El viernes, declaraciones desde Irán apuntaban a una posible normalización del tránsito marítimo, lo que generó expectativas de alivio en los mercados internacionales y provocó una caída inmediata en el precio del petróleo. Sin embargo, esa percepción duró pocas horas.
Posteriormente, autoridades iraníes endurecieron su postura, condicionando el paso de embarcaciones a la continuidad de las sanciones y restricciones impuestas por Estados Unidos. En paralelo, Washington reiteró que mantendría su presión sobre los puertos iraníes mientras no se concreten acuerdos más amplios.
En este contexto, el Cuerpo de la Guardia Revolucionaria Islámica anunció nuevamente restricciones al tránsito por el estrecho, advirtiendo que cualquier embarcación que se acerque podría ser considerada hostil. La situación se agravó con reportes de disparos contra buques en aguas cercanas a Omán, lo que eleva el riesgo para la navegación comercial.

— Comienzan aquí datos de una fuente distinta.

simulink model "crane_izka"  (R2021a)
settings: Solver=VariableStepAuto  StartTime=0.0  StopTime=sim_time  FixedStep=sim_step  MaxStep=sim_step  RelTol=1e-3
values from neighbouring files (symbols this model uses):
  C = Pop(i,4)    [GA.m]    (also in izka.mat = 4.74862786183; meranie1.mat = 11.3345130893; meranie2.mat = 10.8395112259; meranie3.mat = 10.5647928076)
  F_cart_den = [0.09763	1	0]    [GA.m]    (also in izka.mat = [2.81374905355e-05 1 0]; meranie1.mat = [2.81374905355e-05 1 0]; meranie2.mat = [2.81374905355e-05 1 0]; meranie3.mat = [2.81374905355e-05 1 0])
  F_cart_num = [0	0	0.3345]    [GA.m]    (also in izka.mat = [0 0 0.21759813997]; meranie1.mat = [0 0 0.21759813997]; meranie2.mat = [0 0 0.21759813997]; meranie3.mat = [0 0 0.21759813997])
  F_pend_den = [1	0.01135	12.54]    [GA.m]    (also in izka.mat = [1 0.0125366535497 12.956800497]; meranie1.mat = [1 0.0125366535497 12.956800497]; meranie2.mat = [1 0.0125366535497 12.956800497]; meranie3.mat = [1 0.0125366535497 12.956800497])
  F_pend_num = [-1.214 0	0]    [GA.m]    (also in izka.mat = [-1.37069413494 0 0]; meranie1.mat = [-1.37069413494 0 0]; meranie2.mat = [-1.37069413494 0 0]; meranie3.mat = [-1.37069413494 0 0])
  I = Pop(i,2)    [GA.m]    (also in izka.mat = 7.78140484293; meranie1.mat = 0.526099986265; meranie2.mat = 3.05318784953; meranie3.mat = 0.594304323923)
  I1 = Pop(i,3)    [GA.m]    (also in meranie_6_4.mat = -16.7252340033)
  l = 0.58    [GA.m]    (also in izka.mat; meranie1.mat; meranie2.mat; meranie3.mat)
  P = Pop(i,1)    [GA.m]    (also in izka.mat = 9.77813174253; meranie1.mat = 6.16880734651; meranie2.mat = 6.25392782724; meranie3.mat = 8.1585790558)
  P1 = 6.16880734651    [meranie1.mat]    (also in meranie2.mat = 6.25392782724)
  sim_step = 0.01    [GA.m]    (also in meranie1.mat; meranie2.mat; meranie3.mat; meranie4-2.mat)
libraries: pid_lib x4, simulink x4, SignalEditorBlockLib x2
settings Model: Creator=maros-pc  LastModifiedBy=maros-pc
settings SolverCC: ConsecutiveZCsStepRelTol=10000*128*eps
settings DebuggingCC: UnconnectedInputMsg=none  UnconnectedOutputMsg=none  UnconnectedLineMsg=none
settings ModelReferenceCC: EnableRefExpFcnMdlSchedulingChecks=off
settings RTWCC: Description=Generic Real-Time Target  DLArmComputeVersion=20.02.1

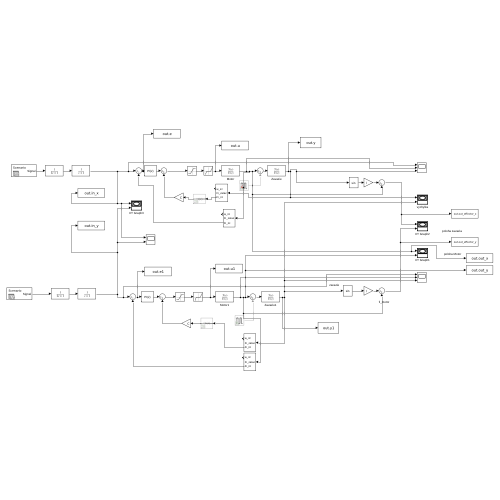
[thumbnail: Simulink's stored preview of the top-level diagram]
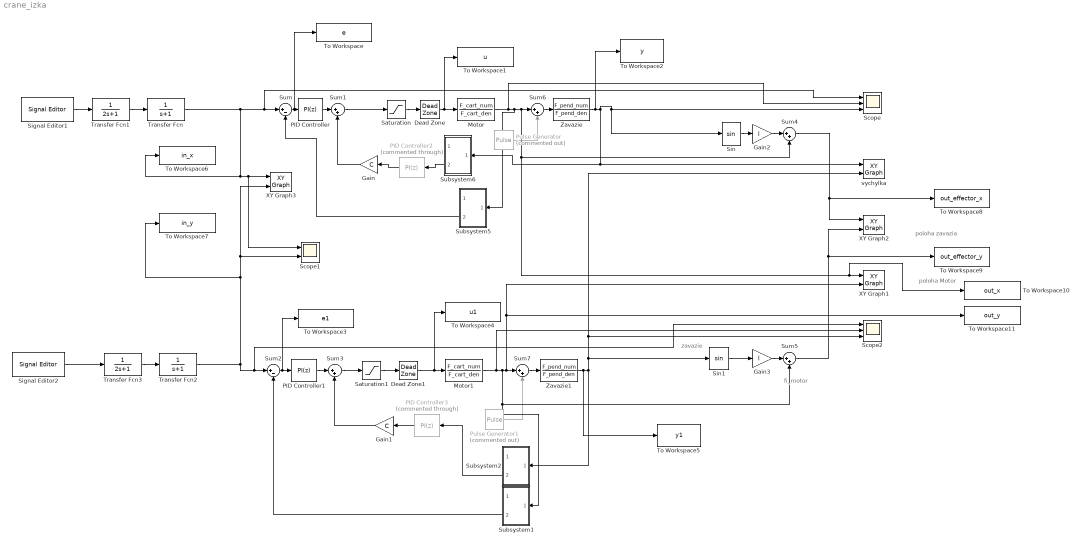
== system crane_izka ==
  note: poloha zavazia
  note: poloha Motor
  note: fi_motor
  note: zavazie
  Dead Zone : DeadZone  LowerValue=-0.2  UpperValue=0.2  SaturateOnIntegerOverflow=on
  Dead Zone1 : DeadZone  LowerValue=-0.2  UpperValue=0.2  SaturateOnIntegerOverflow=on
  Gain : Gain  Gain=C
  Gain1 : Gain  Gain=C
  Gain2 : Gain  Gain=l
  Gain3 : Gain  Gain=l
  Motor : TransferFcn  Numerator=F_cart_num  Denominator=F_cart_den
  Motor1 : TransferFcn  Numerator=F_cart_num  Denominator=F_cart_den
  PID Controller : pid_lib/PID Controller  Controller=PI  Form=Parallel  TimeDomain=Discrete-time  UseExternalTs=off  SampleTime=-1  IntegratorMethod=Forward Euler  FilterMethod=Forward Euler  ControllerParametersSource=internal  P=P  I=I  D=0  N=100  UseFilter=on  TunerSelectOption=Transfer Function Based (PID Tuner App)  InitialConditionSource=internal  InitialConditionForIntegrator=0  InitialConditionForFilter=0  DifferentiatorICPrevScaledInput=0  ExternalReset=none  TrackingMode=off  Kt=1  LimitOutput=off  SatLimitsSource=internal  UpperSaturationLimit=inf  LowerSaturationLimit=-inf  LinearizeAsGain=on  AntiWindupMode=none  Kb=1  POutMin=[]  POutMax=[]  IOutMin=[]  IOutMax=[]  DOutMin=[]  DOutMax=[]  NOutMin=[]  NOutMax=[]  SumOutMin=[]  SumOutMax=[]  SaturationOutMin=[]  SaturationOutMax=[]  PParamMin=[]  PParamMax=[]  IParamMin=[]  IParamMax=[]  DParamMin=[]  DParamMax=[]  NParamMin=[]  NParamMax=[]  KbParamMin=[]  KbParamMax=[]  KtParamMin=[]  KtParamMax=[]  KbOutMin=[]  KbOutMax=[]  KtOutMin=[]  KtOutMax=[]  IntegratorOutMin=[]  IntegratorOutMax=[]  FilterOutMin=[]  FilterOutMax=[]  SumI1OutMin=[]  SumI1OutMax=[]  SumI2OutMin=[]  SumI2OutMax=[]  SumI3OutMin=[]  SumI3OutMax=[]  SumI4OutMin=[]  SumI4OutMax=[]  SumDOutMin=[]  SumDOutMax=[]  DifferentiatorOutMin=[]  DifferentiatorOutMax=[]  FilterDiffOutCoefMin=[]  FilterDiffOutCoefMax=[]  ReciprocalOutMin=[]  ReciprocalOutMax=[]  SumDenOutMin=[]  SumDenOutMax=[]  SumNumOutMin=[]  SumNumOutMax=[]  DivideOutMin=[]  DivideOutMax=[]  UdiffTsProdOutMin=[]  UdiffTsProdOutMax=[]  NTsProdOutMin=[]  NTsProdOutMax=[]  UintegralTsProdOutMin=[]  UintegralTsProdOutMax=[]  UngainTsProdOutMin=[]  UngainTsProdOutMax=[]  IntegratorContinuousStateAttributes=''  IntegratorStateMustResolveToSignalObject=off  IntegratorRTWStateStorageClass=Auto  FilterContinuousStateAttributes=''  FilterStateMustResolveToSignalObject=off  FilterRTWStateStorageClass=Auto  ParallelPVariant=InternalParameters  IdealPVariant=Disabled  IVariant=InternalParameters  DVariant=Disabled  IntegratorVariant=Discrete  SatVariant=Disabled  AWVariant=Passthrough  PCopyVariant=Disabled  TRVariant=Disabled  FdbkBlocksVariant=Forward  IdealPFdbkVariant=Disabled  SatFdbkVariant=Disabled  DerivativeFilterVariant=Disabled  NVariant=Disabled  NCopyVariant=Disabled_SignalSpec  FilterICVariant=Disabled  IntegratorICVariant=InternalICs  ExternalResetVariant=Disabled  TRSumVariant=Passthrough  SumFdbkVariant=Disabled  SumVariant=Sum_PI  TsampFilterVariant=InternalTs  TsampNgainVariant=Passthrough  TsampIntegralVariant=Disabled_SignalSpec  ExternalSaturationOutDataTypeStr=Inherit: Same as second input
  PID Controller1 : pid_lib/PID Controller  Controller=PI  Form=Parallel  TimeDomain=Discrete-time  UseExternalTs=off  SampleTime=-1  IntegratorMethod=Forward Euler  FilterMethod=Forward Euler  ControllerParametersSource=internal  P=P  I=I  D=0  N=100  UseFilter=on  TunerSelectOption=Transfer Function Based (PID Tuner App)  InitialConditionSource=internal  InitialConditionForIntegrator=0  InitialConditionForFilter=0  DifferentiatorICPrevScaledInput=0  ExternalReset=none  TrackingMode=off  Kt=1  LimitOutput=off  SatLimitsSource=internal  UpperSaturationLimit=inf  LowerSaturationLimit=-inf  LinearizeAsGain=on  AntiWindupMode=none  Kb=1  POutMin=[]  POutMax=[]  IOutMin=[]  IOutMax=[]  DOutMin=[]  DOutMax=[]  NOutMin=[]  NOutMax=[]  SumOutMin=[]  SumOutMax=[]  SaturationOutMin=[]  SaturationOutMax=[]  PParamMin=[]  PParamMax=[]  IParamMin=[]  IParamMax=[]  DParamMin=[]  DParamMax=[]  NParamMin=[]  NParamMax=[]  KbParamMin=[]  KbParamMax=[]  KtParamMin=[]  KtParamMax=[]  KbOutMin=[]  KbOutMax=[]  KtOutMin=[]  KtOutMax=[]  IntegratorOutMin=[]  IntegratorOutMax=[]  FilterOutMin=[]  FilterOutMax=[]  SumI1OutMin=[]  SumI1OutMax=[]  SumI2OutMin=[]  SumI2OutMax=[]  SumI3OutMin=[]  SumI3OutMax=[]  SumI4OutMin=[]  SumI4OutMax=[]  SumDOutMin=[]  SumDOutMax=[]  DifferentiatorOutMin=[]  DifferentiatorOutMax=[]  FilterDiffOutCoefMin=[]  FilterDiffOutCoefMax=[]  ReciprocalOutMin=[]  ReciprocalOutMax=[]  SumDenOutMin=[]  SumDenOutMax=[]  SumNumOutMin=[]  SumNumOutMax=[]  DivideOutMin=[]  DivideOutMax=[]  UdiffTsProdOutMin=[]  UdiffTsProdOutMax=[]  NTsProdOutMin=[]  NTsProdOutMax=[]  UintegralTsProdOutMin=[]  UintegralTsProdOutMax=[]  UngainTsProdOutMin=[]  UngainTsProdOutMax=[]  IntegratorContinuousStateAttributes=''  IntegratorStateMustResolveToSignalObject=off  IntegratorRTWStateStorageClass=Auto  FilterContinuousStateAttributes=''  FilterStateMustResolveToSignalObject=off  FilterRTWStateStorageClass=Auto  ParallelPVariant=InternalParameters  IdealPVariant=Disabled  IVariant=InternalParameters  DVariant=Disabled  IntegratorVariant=Discrete  SatVariant=Disabled  AWVariant=Passthrough  PCopyVariant=Disabled  TRVariant=Disabled  FdbkBlocksVariant=Forward  IdealPFdbkVariant=Disabled  SatFdbkVariant=Disabled  DerivativeFilterVariant=Disabled  NVariant=Disabled  NCopyVariant=Disabled_SignalSpec  FilterICVariant=Disabled  IntegratorICVariant=InternalICs  ExternalResetVariant=Disabled  TRSumVariant=Passthrough  SumFdbkVariant=Disabled  SumVariant=Sum_PI  TsampFilterVariant=InternalTs  TsampNgainVariant=Passthrough  TsampIntegralVariant=Disabled_SignalSpec  ExternalSaturationOutDataTypeStr=Inherit: Same as second input
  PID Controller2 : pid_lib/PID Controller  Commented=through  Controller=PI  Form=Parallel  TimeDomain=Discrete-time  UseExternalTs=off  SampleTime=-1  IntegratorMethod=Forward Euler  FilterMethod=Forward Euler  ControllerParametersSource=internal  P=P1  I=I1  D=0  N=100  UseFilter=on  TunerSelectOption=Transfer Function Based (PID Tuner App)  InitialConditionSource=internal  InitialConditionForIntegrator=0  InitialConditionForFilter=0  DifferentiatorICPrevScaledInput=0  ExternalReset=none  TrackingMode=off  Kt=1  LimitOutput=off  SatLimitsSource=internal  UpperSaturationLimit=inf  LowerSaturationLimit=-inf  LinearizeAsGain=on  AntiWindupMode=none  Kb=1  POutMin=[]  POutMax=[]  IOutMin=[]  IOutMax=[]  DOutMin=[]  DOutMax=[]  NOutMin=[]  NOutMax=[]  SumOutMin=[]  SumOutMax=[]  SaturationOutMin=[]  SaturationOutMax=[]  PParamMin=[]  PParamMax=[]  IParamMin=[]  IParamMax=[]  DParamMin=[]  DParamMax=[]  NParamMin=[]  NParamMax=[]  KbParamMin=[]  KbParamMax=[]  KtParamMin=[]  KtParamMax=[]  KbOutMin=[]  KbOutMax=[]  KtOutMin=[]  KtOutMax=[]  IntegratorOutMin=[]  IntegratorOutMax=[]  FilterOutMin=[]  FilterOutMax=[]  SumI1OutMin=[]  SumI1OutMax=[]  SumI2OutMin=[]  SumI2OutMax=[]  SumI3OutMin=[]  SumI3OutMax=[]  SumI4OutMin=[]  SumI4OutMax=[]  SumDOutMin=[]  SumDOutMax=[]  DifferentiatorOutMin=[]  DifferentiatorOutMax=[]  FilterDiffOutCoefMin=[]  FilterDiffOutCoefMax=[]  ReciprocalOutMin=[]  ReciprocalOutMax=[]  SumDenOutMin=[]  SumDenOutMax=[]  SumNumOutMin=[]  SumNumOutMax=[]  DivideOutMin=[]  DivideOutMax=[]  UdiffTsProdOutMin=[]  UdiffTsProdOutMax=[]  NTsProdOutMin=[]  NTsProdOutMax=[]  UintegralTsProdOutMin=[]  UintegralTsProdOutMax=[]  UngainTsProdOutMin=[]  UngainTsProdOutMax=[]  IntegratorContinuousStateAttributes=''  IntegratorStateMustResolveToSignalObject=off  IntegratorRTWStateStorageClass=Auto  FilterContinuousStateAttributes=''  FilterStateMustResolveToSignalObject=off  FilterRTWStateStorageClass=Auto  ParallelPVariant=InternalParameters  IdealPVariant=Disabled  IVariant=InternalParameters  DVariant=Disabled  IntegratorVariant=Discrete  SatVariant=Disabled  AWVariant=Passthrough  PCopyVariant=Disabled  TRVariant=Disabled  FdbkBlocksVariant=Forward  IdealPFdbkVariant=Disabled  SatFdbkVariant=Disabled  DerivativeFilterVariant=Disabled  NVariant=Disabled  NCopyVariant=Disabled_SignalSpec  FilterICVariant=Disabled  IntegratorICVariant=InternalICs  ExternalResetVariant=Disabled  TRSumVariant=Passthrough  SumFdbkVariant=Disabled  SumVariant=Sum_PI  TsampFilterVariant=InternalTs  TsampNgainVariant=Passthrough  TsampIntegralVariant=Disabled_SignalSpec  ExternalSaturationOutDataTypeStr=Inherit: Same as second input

Las diferencias entre ambas partes siguen siendo profundas, especialmente en torno al programa nuclear iraní y las condiciones para levantar sanciones. Aunque existen señales de contactos diplomáticos en curso, no se ha confirmado un acuerdo concreto ni una extensión del alto el fuego vigente, que expira el 21 de abril.
Desde Washington, el presidente Donald Trump afirmó que las conversaciones avanzan, pero advirtió que no habrá concesiones bajo presión. Mientras tanto, autoridades iraníes han reiterado su disposición a responder con nuevas capacidades militares en caso de una reanudación del conflicto.
El estrecho de Ormuz, por donde transita una parte significativa del petróleo mundial, permanece así en una situación de alta incertidumbre. La volatilidad en la región refleja no solo la fragilidad del actual alto el fuego, sino también el impacto global que podría tener cualquier escalada en uno de los puntos estratégicos más sensibles del planeta.